Das ist vor allem für die Identitätsentwicklung der Kinder von großer Bedeutung. Aus der Lerntheorie wissen wir, dass Lernprozesse dann besonders gut in Gang gesetzt werden, wenn sich Kinder wohl fühlen und sich in ihrer Identität widergespiegelt sehen. Erhalten Kinder dagegen immer wieder die Botschaft, dass sie nicht „normal“ sind, nicht dazugehören und in Spielmaterialien oder Büchern nicht dargestellt werden, dann entwickeln sie ein Gefühl der Nichtzugehörigkeit – das hemmt Lernprozesse.
Können sich Kleinkinder bereits rassistisch äußern?
In der Praxis ist zu beobachten, dass Kinder rassistische Wissen, das sie umgibt, in Interaktionen und bei der Durchsetzung ihrer Spielinteressen durchaus anwenden und auch Abneigungen gegenüber bestimmten sozialen Gruppen zeigen. Kinder können Vorformen von Vorurteilen haben. Das mag positiv klingen, weil es sich um Vorformen und nicht um manifeste Urteile handelt.
Umso wichtiger ist es jedoch, dass pädagogische Fachkräfte intervenieren und auf die Unzulässigkeit von Diskriminierung hinweisen. Bei Kleinkindern kann Rassismus noch dekonstruiert werden. Erwachsenen fällt das Verlernen weitaus schwieriger.
„Kinder können Vorformen von Vorurteilen haben“
Welche weiteren Tipps geben Sie Erzieher*innen mit auf den Weg?
Es gibt keine Checkliste, aber es hilft, sich immer wieder in einen Prozess der Selbstreflexion zu begeben. Dieser ganze Prozess ist als lebenslange Reise zu verstehen, die nie endet, weil sich Gruppen, Eltern- und Familienschaften verändern. Das, was man vielleicht einmal als gutes Verfahren oder pädagogische Methode etabliert hat, ist bei der nächsten Gruppe möglicherweise nicht mehr fruchtbar.
Deswegen ist es wichtig, für sich selbst und im Team regelmäßig Räume zu schaffen, um in diese kritische Selbstreflexion zu kommen. Eine Leitungskraft, die diese Themen andauernd auf die Tagesordnung setzt und das Team dazu anregt, die eigene Praxis kritisch zu hinterfragen, hat eine hohe Wirkungskraft.
Wie Eltern Rassismus in der Kita begegnen
Sie haben kürzlich eine qualitative Pilotstudie zum Umgang mit institutionellem Rassismus in Berliner Kitas durchgeführt und hierfür 16 Eltern interviewt. Welche Rassismuserfahrungen haben diese gemacht?

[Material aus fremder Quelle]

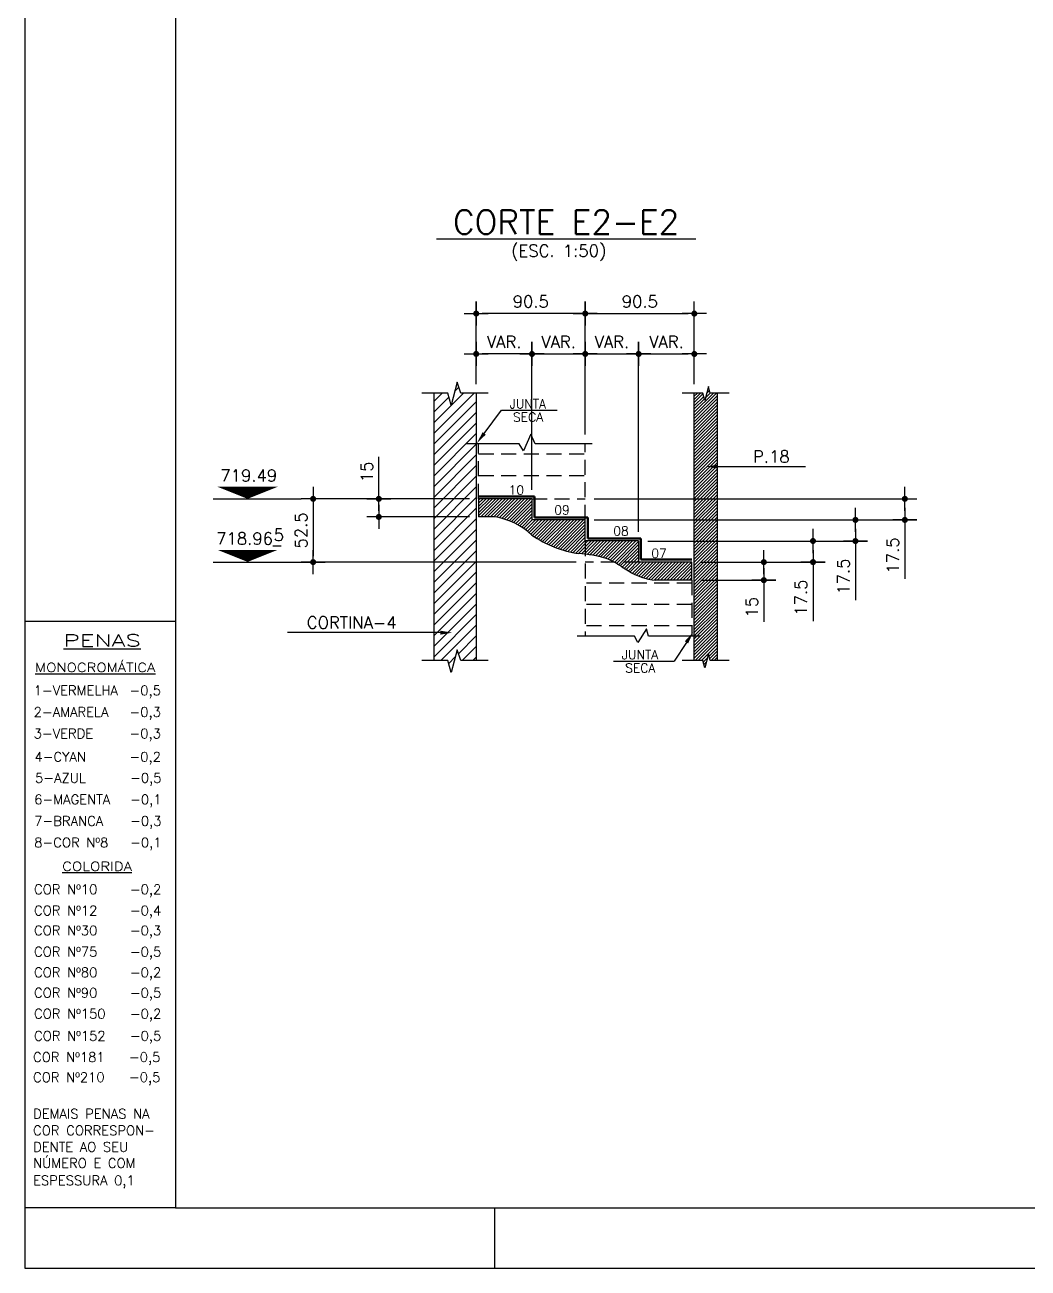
# Model space of a CAD drawing. Header units: inches. Extents: x 0 to 5940, y 0 to 4205.
# Drawn here: x 0 to 832, y 0 to 1032 of the extents above; entities that cross this region are included whole.
import ezdxf
from ezdxf.enums import TextEntityAlignment as Align

# ---------------------------------------------------------------- set-up
doc = ezdxf.new("R2010")
doc.units = ezdxf.units.IN
doc.header["$LTSCALE"] = 50
doc.header["$MEASUREMENT"] = 0
doc.linetypes.add('HIDDEN', pattern=[0.375, 0.25, -0.125])
for name, color, linetype in [('CORTES', 2, 'Continuous'), ('CORTINA', 7, 'Continuous'), ('COTA', 6, 'Continuous'), ('FOLHA', 7, 'Continuous'), ('NIVEL', 3, 'Continuous'), ('TEXTO', 3, 'Continuous')]:
    doc.layers.add(name, color=color, linetype=linetype)
doc.styles.add('ROMANS', font='romans.shx')
doc.dimstyles.new('COTA_50', dxfattribs={"dimscale": 5, "dimtxt": 2, "dimasz": 1, "dimexe": 2, "dimexo": 1.5, "dimgap": 1, "dimtad": 1, "dimzin": 12, "dimdsep": 46, "dimtxsty": 'ROMANS', "dimblk1": 'COTA', "dimblk2": 'COTA', "dimsah": 1, "dimcen": -4, "dimdle": 1.5, "dimclrd": 6, "dimclre": 6, "dimclrt": 3, "dimadec": 0, "dimazin": 0, "dimtfac": 1, "dimtofl": 0, "dimtmove": 0, "dimatfit": 3, "dimldrblk": 'COTA', "dimfxl": 1, "dimtolj": 1, "dimtzin": 12, "dimarcsym": 0})
pattern_1 = [(45, (0, -2043.1612), (-1.3258252, 1.3258252), [])]

# ---------------------------------------------------------------- blocks, each defined once
blk = doc.blocks.new('COTA')
at = {"layer": 'COTA'}
for p, q in [((2, 0), (-2, 0)), ((0, -2), (0, 2))]:
    blk.add_line(p, q, dxfattribs=at)
at = {"layer": 'COTA', "const_width": 0.5}
blk.add_lwpolyline([(-0.25, 0, 1), (0.25, 0, 1)], format="xyb", close=True, dxfattribs=at)
blk = doc.blocks.new('*D238')
at = {"layer": 'COTA', "color": 6, "lineweight": -2, "transparency": 16777216}
for p, q in [((465, 691.9), (465, 802.4)), ((555.5, 733.9), (555.5, 802.4)), ((470, 792.4), (550.5, 792.4))]:
    blk.add_line(p, q, dxfattribs=at)
at = {"layer": 'Defpoints', "color": 0, "transparency": 16777216}
for p in [(555.5, 792.4), (555.5, 726.4), (465, 684.4)]:
    blk.add_point(p, dxfattribs=at)
at = {"layer": 'COTA', "color": 6, "lineweight": -2, "transparency": 16777216, "xscale": 5, "yscale": 5, "zscale": 5, "rotation": 180}
blk.add_blockref('COTA', (465, 792.4), dxfattribs=at)
at = {"layer": 'COTA', "color": 6, "lineweight": -2, "transparency": 16777216, "xscale": 5, "yscale": 5, "zscale": 5}
blk.add_blockref('COTA', (555.5, 792.4), dxfattribs=at)
at = {"layer": 'COTA', "color": 3, "transparency": 16777216, "insert": (510.3, 802.4), "char_height": 10, "attachment_point": 5, "style": 'ROMANS'}
blk.add_mtext('\\A1;90.5', dxfattribs=at)
blk = doc.blocks.new('*D239')
at = {"layer": 'COTA', "color": 6, "lineweight": -2, "transparency": 16777216}
for p, q in [((374.5, 733.9), (374.5, 802.4)), ((465, 691.9), (465, 802.4)), ((460, 792.4), (379.5, 792.4))]:
    blk.add_line(p, q, dxfattribs=at)
at = {"layer": 'Defpoints', "color": 0, "transparency": 16777216}
for p in [(374.5, 792.4), (374.5, 726.4), (465, 684.4)]:
    blk.add_point(p, dxfattribs=at)
at = {"layer": 'COTA', "color": 6, "lineweight": -2, "transparency": 16777216, "xscale": 5, "yscale": 5, "zscale": 5, "rotation": 180}
blk.add_blockref('COTA', (374.5, 792.4), dxfattribs=at)
at = {"layer": 'COTA', "color": 6, "lineweight": -2, "transparency": 16777216, "xscale": 5, "yscale": 5, "zscale": 5}
blk.add_blockref('COTA', (465, 792.4), dxfattribs=at)
at = {"layer": 'COTA', "color": 3, "transparency": 16777216, "insert": (419.8, 802.4), "char_height": 10, "attachment_point": 5, "style": 'ROMANS'}
blk.add_mtext('\\A1;90.5', dxfattribs=at)
blk = doc.blocks.new('*D240')
at = {"layer": 'COTA', "color": 6, "lineweight": -2, "transparency": 16777216}
for p, q in [((420.8, 646.1), (420.8, 768.9)), ((465, 765.4), (465, 768.9)), ((425.8, 758.9), (460, 758.9))]:
    blk.add_line(p, q, dxfattribs=at)
at = {"layer": 'Defpoints', "color": 0, "transparency": 16777216}
for p in [(465, 758.9), (465, 757.9), (420.8, 638.6)]:
    blk.add_point(p, dxfattribs=at)
at = {"layer": 'COTA', "color": 6, "lineweight": -2, "transparency": 16777216, "xscale": 5, "yscale": 5, "zscale": 5, "rotation": 180}
blk.add_blockref('COTA', (420.8, 758.9), dxfattribs=at)
at = {"layer": 'COTA', "color": 6, "lineweight": -2, "transparency": 16777216, "xscale": 5, "yscale": 5, "zscale": 5}
blk.add_blockref('COTA', (465, 758.9), dxfattribs=at)
at = {"layer": 'COTA', "color": 3, "transparency": 16777216, "insert": (442.9, 768.9), "char_height": 10, "attachment_point": 5, "style": 'ROMANS'}
blk.add_mtext('\\A1;VAR.', dxfattribs=at)
blk = doc.blocks.new('*D241')
at = {"layer": 'COTA', "color": 6, "lineweight": -2, "transparency": 16777216}
for p, q in [((374.5, 758.4), (374.5, 768.9)), ((420.8, 758.4), (420.8, 768.9)), ((415.8, 758.9), (379.5, 758.9))]:
    blk.add_line(p, q, dxfattribs=at)
at = {"layer": 'Defpoints', "color": 0, "transparency": 16777216}
for p in [(374.5, 758.9), (374.5, 750.9), (420.8, 750.9)]:
    blk.add_point(p, dxfattribs=at)
at = {"layer": 'COTA', "color": 6, "lineweight": -2, "transparency": 16777216, "xscale": 5, "yscale": 5, "zscale": 5, "rotation": 180}
blk.add_blockref('COTA', (374.5, 758.9), dxfattribs=at)
at = {"layer": 'COTA', "color": 6, "lineweight": -2, "transparency": 16777216, "xscale": 5, "yscale": 5, "zscale": 5}
blk.add_blockref('COTA', (420.8, 758.9), dxfattribs=at)
at = {"layer": 'COTA', "color": 3, "transparency": 16777216, "insert": (397.7, 768.9), "char_height": 10, "attachment_point": 5, "style": 'ROMANS'}
blk.add_mtext('\\A1;VAR.', dxfattribs=at)
blk = doc.blocks.new('*D242')
at = {"layer": 'COTA', "color": 6, "lineweight": -2, "transparency": 16777216}
for p, q in [((465, 757.9), (465, 768.9)), ((509.3, 611.1), (509.3, 768.9)), ((470, 758.9), (504.3, 758.9))]:
    blk.add_line(p, q, dxfattribs=at)
at = {"layer": 'Defpoints', "color": 0, "transparency": 16777216}
for p in [(509.3, 758.9), (465, 750.4), (509.3, 603.6)]:
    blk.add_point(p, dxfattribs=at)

Klassische Beispiele sind die Nicht-Repräsentation in den Spielmaterialien, das Singen von rassistisch konnotierten Liedern oder das Etikettieren von Kindern. Eltern haben unterschiedliche Strategien, um Rassismus in der Kita zu thematisieren.
Wie sehen diese Strategien aus?
Eine Strategie ist das sogenannte „Hacking“: Weil Familien antizipieren, dass Rassismus vorkommen könnte, versuchen sie die Diskriminierung zu umgehen. Zum Beispiel wird die Herkunft bei der Kitaanmeldung verschwiegen. Andere wiederum setzen auf Intervention.
Oft sind Eltern jedoch nicht in der Lage, Veränderungsprozesse anzustoßen, da ihre Beschwerden zum Teil blockiert oder nicht ernst genommen werden. Die Familien versuchen dann eher, außerhalb der Kita ihre Kinder zu stärken, um eine Art Schadensbegrenzung zu betreiben. Manche Familien spielen Diskriminierungserfahrungen in der Kita auch herunter, weil sie befürchten, dass die Beziehung zwischen der pädagogischen Fachkraft und ihrem Kind Schaden nehmen könnte. Es besteht ja ein Abhängigkeitsverhältnis.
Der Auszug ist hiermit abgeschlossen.